## What to do
Once the line containing "(end 96 73.972)" is found in the records below, return it and each following line exactly, up to and including the line containing "(end 190.972 57)", and nothing else.

Data under study START

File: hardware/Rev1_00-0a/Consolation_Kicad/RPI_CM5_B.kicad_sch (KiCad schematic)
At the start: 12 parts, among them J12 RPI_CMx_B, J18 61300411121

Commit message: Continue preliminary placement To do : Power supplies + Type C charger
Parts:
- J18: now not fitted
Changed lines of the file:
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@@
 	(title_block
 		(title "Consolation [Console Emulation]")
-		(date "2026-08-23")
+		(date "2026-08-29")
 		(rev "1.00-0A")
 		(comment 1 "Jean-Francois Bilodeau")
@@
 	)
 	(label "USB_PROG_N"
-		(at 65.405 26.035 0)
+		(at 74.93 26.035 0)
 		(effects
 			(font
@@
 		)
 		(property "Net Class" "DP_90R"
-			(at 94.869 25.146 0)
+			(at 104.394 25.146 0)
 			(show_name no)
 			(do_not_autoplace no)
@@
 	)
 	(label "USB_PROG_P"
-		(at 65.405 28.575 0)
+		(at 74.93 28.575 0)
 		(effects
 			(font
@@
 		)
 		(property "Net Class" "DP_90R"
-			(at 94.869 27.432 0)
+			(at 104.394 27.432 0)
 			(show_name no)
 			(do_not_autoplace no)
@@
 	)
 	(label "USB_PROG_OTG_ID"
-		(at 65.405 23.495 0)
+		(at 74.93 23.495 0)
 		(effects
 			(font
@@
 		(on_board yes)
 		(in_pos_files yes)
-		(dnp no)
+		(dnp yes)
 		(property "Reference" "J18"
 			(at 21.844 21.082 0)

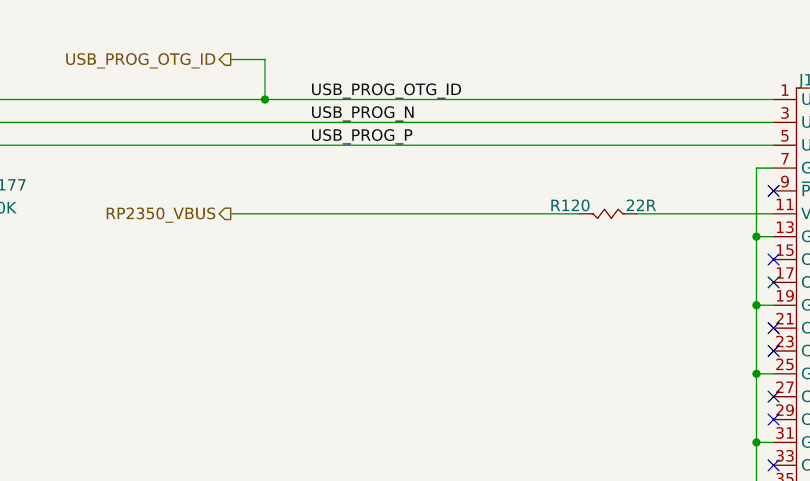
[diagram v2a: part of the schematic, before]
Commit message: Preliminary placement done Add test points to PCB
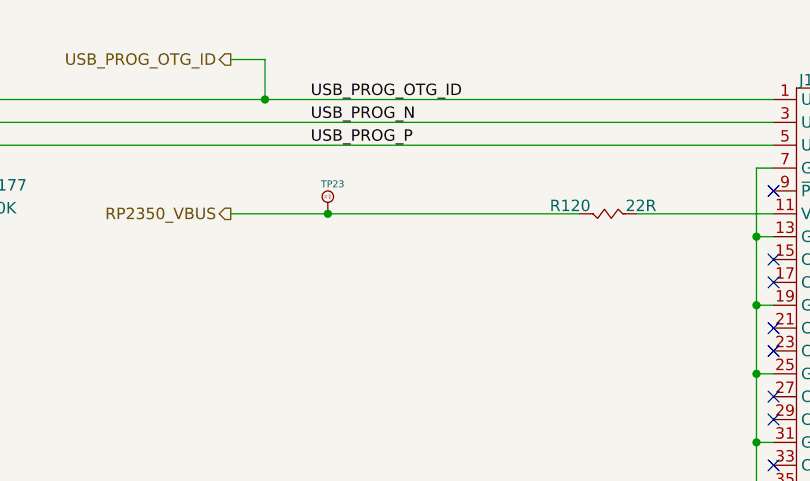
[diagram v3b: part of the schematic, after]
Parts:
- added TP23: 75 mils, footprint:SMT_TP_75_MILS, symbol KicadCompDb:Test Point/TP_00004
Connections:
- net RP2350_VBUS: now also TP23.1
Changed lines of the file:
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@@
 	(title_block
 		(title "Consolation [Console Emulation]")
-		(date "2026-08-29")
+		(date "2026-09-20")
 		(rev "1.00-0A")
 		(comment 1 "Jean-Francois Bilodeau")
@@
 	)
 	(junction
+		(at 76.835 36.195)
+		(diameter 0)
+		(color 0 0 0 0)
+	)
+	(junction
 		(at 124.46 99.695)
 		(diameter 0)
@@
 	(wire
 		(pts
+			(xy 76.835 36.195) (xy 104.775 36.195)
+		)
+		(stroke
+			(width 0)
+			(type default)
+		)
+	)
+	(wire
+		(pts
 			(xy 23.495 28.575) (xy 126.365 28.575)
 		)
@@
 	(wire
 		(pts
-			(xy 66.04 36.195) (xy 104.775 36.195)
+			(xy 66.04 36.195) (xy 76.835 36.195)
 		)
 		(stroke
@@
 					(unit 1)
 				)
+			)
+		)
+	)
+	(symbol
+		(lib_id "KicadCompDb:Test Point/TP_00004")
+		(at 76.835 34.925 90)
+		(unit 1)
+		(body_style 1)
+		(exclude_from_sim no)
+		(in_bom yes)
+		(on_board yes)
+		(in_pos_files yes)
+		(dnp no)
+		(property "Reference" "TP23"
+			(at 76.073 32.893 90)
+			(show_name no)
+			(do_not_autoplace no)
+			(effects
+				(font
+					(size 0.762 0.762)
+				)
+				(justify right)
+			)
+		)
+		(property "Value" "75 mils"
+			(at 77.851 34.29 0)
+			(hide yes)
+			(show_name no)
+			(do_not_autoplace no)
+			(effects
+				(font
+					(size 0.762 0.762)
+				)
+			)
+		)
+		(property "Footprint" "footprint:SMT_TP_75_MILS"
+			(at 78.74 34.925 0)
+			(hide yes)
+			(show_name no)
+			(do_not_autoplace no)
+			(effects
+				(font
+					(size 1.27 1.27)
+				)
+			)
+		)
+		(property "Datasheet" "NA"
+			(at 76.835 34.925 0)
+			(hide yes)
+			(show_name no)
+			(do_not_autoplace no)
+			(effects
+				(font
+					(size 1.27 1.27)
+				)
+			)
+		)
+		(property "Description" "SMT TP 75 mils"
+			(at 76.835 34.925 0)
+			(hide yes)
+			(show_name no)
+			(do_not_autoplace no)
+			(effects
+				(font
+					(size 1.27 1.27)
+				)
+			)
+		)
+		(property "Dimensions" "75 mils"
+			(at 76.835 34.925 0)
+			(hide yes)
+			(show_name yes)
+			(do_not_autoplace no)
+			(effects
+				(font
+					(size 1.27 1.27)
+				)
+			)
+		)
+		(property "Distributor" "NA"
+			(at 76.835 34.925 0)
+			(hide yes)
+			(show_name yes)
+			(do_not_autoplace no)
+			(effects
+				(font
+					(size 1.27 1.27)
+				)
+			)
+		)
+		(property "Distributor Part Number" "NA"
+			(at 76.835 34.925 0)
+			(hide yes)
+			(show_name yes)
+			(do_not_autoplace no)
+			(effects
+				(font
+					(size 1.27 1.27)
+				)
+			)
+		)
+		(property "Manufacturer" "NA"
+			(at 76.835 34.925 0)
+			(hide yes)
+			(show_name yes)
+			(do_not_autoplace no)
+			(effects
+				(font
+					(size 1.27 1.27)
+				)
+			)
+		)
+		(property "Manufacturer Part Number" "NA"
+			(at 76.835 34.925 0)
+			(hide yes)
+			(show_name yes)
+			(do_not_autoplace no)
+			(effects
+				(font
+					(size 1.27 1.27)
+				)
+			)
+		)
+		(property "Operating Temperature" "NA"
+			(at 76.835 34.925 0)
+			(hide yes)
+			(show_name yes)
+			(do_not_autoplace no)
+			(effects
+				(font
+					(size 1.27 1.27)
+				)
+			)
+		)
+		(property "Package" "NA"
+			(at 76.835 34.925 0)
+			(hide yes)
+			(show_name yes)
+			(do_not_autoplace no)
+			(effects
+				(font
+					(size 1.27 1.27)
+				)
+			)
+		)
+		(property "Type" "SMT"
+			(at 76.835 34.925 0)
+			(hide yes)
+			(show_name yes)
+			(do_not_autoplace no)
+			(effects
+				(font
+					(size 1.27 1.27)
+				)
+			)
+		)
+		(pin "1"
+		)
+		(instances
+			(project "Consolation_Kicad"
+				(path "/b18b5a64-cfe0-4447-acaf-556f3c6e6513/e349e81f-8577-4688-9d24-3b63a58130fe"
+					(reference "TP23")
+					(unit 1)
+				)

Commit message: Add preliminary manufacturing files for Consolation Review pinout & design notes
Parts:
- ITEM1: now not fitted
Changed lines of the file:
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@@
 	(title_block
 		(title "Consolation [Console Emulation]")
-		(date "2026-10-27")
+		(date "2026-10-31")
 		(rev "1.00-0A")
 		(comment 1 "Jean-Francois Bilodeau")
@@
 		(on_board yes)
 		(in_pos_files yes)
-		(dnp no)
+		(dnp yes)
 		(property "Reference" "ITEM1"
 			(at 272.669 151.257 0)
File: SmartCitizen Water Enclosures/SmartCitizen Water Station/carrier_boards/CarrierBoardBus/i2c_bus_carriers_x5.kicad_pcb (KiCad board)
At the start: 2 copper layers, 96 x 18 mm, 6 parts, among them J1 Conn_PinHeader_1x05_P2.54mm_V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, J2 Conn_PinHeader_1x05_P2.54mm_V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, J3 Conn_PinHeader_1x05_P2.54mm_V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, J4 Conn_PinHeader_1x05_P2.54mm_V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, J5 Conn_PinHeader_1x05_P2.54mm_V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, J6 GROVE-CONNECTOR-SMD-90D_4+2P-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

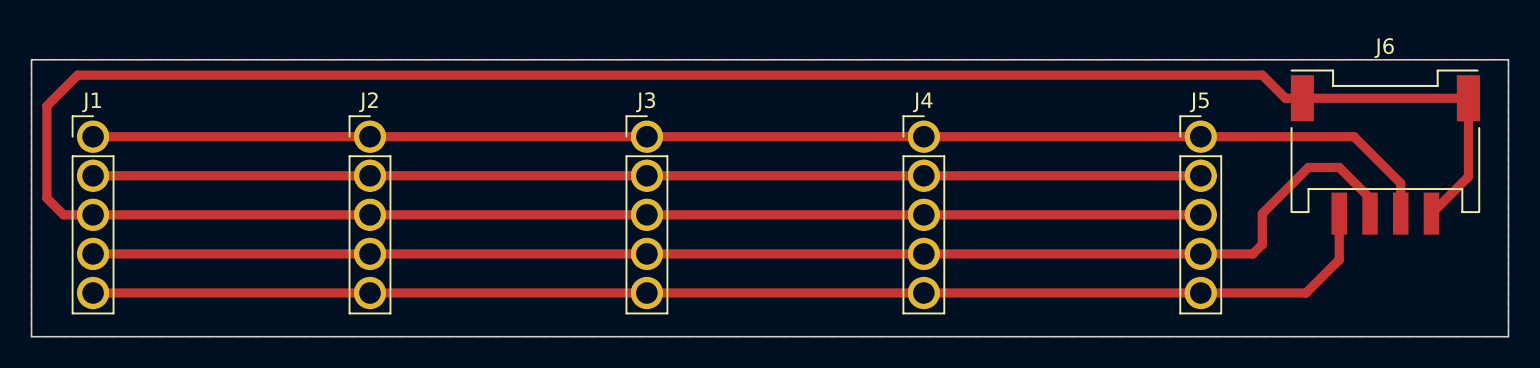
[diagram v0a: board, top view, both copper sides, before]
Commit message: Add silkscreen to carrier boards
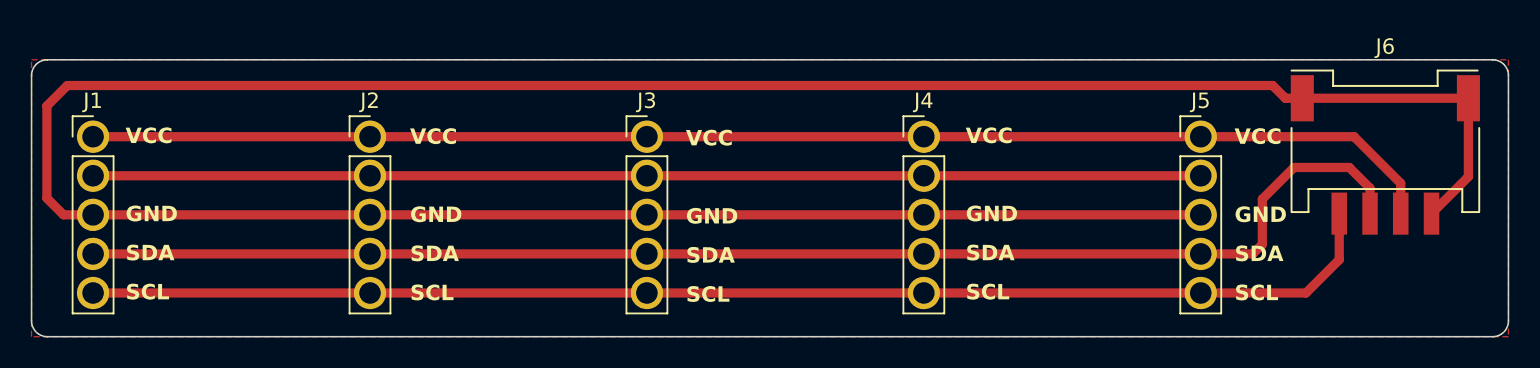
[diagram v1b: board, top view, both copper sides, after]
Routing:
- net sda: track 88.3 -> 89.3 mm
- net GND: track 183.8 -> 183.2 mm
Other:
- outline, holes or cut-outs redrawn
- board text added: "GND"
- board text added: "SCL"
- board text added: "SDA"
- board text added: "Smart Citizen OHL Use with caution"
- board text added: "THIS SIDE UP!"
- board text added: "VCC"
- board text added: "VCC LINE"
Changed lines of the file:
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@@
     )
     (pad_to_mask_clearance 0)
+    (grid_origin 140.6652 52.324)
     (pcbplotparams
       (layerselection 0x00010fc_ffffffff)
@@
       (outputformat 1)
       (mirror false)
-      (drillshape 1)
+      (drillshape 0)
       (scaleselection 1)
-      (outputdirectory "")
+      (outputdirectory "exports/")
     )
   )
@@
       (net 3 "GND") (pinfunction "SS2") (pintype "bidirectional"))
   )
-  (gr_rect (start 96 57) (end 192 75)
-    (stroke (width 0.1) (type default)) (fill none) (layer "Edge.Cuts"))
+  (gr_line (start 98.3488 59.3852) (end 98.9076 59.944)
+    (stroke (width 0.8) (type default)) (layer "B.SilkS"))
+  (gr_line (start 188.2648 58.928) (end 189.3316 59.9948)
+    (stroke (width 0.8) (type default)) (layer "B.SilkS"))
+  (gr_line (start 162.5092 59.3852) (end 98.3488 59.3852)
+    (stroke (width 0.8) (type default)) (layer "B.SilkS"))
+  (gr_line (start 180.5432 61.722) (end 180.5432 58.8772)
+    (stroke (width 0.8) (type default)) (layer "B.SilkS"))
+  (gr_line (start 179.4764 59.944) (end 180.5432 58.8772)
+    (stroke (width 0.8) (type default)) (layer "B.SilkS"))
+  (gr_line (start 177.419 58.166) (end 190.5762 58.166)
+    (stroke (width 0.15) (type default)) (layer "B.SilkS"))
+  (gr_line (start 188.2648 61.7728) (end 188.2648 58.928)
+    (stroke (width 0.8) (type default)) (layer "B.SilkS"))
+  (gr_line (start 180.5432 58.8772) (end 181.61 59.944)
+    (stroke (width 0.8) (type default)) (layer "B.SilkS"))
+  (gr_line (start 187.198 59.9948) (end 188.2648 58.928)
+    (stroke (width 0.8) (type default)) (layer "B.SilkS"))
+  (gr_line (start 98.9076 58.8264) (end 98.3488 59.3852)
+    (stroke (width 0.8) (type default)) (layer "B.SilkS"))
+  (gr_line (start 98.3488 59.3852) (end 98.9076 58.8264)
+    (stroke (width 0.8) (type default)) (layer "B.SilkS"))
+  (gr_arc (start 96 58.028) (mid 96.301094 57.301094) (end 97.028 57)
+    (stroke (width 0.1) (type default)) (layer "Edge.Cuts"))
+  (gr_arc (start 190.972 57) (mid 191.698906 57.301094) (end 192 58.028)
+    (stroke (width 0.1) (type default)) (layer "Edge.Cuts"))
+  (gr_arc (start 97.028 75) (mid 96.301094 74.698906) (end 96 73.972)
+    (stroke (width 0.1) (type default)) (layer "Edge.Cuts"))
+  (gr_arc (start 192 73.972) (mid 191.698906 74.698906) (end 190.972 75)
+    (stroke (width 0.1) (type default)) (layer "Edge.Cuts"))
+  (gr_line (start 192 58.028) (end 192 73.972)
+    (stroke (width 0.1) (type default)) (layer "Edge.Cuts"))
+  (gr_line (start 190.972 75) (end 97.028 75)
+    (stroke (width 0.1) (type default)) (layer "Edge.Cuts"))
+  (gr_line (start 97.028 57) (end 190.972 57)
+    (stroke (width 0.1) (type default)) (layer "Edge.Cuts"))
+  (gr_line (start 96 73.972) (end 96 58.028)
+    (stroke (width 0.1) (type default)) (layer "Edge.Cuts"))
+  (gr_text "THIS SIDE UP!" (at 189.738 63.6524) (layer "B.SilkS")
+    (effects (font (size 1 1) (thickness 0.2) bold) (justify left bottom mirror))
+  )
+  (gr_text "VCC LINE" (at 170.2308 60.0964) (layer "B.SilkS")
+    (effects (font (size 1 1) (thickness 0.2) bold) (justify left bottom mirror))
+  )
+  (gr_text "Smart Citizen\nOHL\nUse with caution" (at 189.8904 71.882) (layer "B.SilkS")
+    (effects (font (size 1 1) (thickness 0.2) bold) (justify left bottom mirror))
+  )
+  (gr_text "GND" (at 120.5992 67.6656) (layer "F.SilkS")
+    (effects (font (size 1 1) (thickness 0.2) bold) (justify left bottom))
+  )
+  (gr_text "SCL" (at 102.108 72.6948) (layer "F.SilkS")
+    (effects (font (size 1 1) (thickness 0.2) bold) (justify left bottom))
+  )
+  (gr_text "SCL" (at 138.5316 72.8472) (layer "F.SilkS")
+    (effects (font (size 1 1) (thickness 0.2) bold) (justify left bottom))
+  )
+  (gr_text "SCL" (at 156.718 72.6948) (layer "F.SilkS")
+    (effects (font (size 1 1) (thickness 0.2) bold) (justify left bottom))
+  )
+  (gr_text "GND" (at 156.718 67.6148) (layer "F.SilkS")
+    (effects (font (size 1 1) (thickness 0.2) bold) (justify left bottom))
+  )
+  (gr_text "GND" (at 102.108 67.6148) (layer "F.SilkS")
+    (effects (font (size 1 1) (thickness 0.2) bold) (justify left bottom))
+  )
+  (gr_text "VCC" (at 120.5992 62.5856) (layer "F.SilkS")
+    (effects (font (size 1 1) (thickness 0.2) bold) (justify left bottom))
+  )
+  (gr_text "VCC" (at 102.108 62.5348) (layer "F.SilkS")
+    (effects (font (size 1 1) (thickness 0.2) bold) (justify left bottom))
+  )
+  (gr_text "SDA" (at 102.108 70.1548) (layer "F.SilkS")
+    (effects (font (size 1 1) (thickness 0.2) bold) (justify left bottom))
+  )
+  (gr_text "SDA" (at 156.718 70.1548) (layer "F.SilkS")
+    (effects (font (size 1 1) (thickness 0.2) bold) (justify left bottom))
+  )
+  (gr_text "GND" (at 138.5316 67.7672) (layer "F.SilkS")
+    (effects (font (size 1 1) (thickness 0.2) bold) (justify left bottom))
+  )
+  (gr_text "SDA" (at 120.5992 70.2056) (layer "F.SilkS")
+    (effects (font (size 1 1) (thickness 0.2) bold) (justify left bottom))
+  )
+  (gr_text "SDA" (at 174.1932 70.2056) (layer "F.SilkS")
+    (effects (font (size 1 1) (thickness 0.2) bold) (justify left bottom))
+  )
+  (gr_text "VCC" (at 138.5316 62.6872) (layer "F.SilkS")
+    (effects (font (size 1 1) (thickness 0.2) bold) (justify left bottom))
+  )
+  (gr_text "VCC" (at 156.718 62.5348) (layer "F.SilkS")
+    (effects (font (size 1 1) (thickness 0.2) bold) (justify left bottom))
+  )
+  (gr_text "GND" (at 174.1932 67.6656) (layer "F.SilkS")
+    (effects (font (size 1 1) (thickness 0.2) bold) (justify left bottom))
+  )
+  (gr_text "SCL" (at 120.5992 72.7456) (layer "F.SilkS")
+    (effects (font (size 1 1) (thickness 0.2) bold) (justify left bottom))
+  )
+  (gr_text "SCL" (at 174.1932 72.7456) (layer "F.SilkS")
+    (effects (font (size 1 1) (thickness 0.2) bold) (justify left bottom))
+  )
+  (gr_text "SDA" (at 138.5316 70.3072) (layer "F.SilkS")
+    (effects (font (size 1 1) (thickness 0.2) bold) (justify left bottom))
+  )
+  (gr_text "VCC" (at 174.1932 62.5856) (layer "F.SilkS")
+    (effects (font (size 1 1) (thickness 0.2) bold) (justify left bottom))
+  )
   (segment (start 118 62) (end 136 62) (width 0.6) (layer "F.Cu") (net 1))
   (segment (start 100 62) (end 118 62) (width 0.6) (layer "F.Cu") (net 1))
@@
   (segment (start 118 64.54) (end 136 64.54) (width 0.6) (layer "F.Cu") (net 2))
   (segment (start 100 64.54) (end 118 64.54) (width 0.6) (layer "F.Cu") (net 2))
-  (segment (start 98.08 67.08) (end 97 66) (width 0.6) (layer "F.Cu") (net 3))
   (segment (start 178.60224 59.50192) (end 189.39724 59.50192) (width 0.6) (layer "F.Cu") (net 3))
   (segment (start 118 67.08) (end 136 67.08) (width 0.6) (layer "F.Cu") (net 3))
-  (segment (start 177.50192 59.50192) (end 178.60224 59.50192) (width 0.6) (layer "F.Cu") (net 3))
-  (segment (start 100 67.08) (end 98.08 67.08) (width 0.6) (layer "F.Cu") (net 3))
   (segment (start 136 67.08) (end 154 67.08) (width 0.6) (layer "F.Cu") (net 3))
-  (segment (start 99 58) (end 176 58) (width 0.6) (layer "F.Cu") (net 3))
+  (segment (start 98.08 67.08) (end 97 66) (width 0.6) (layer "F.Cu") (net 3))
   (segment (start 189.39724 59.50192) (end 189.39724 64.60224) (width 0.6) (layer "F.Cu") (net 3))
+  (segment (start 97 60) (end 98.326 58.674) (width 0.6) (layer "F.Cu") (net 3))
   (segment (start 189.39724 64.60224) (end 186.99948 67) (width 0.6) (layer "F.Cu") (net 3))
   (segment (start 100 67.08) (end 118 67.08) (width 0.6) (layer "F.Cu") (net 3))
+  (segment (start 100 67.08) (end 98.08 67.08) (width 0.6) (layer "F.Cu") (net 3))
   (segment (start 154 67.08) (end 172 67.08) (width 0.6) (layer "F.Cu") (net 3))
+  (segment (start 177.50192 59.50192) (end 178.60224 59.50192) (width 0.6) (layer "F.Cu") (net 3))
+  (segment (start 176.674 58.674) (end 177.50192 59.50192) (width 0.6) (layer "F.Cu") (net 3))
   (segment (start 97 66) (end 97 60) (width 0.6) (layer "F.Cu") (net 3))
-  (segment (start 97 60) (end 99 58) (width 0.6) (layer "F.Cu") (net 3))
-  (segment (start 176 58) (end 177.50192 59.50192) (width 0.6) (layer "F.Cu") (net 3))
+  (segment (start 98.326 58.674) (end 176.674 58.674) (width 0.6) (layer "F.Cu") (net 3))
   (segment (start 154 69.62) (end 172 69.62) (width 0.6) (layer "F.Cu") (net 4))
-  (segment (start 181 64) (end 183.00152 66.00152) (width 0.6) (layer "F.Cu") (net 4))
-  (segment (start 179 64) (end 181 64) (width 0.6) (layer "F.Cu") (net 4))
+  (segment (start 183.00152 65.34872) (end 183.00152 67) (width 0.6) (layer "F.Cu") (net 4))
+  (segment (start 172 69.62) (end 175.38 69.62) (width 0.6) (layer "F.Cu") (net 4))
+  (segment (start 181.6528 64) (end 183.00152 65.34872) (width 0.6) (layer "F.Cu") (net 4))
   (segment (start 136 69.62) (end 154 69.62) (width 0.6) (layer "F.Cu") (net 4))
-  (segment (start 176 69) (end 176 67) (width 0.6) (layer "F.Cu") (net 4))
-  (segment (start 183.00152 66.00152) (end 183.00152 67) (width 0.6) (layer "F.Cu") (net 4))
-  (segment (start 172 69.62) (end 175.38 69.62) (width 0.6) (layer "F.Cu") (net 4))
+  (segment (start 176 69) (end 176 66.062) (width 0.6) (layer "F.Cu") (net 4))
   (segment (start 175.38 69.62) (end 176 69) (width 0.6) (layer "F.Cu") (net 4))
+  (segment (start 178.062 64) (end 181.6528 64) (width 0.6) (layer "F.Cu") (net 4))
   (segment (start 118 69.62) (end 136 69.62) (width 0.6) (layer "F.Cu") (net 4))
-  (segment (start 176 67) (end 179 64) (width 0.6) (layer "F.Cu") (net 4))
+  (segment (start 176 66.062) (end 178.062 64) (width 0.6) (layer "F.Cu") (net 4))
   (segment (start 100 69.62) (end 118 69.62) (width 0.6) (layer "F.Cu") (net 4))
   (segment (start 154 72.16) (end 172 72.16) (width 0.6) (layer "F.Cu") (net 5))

Data under study END

## Task solution
+  (gr_arc (start 97.028 75) (mid 96.301094 74.698906) (end 96 73.972)
+    (stroke (width 0.1) (type default)) (layer "Edge.Cuts"))
+  (gr_arc (start 192 73.972) (mid 191.698906 74.698906) (end 190.972 75)
+    (stroke (width 0.1) (type default)) (layer "Edge.Cuts"))
+  (gr_line (start 192 58.028) (end 192 73.972)
+    (stroke (width 0.1) (type default)) (layer "Edge.Cuts"))
+  (gr_line (start 190.972 75) (end 97.028 75)
+    (stroke (width 0.1) (type default)) (layer "Edge.Cuts"))
+  (gr_line (start 97.028 57) (end 190.972 57)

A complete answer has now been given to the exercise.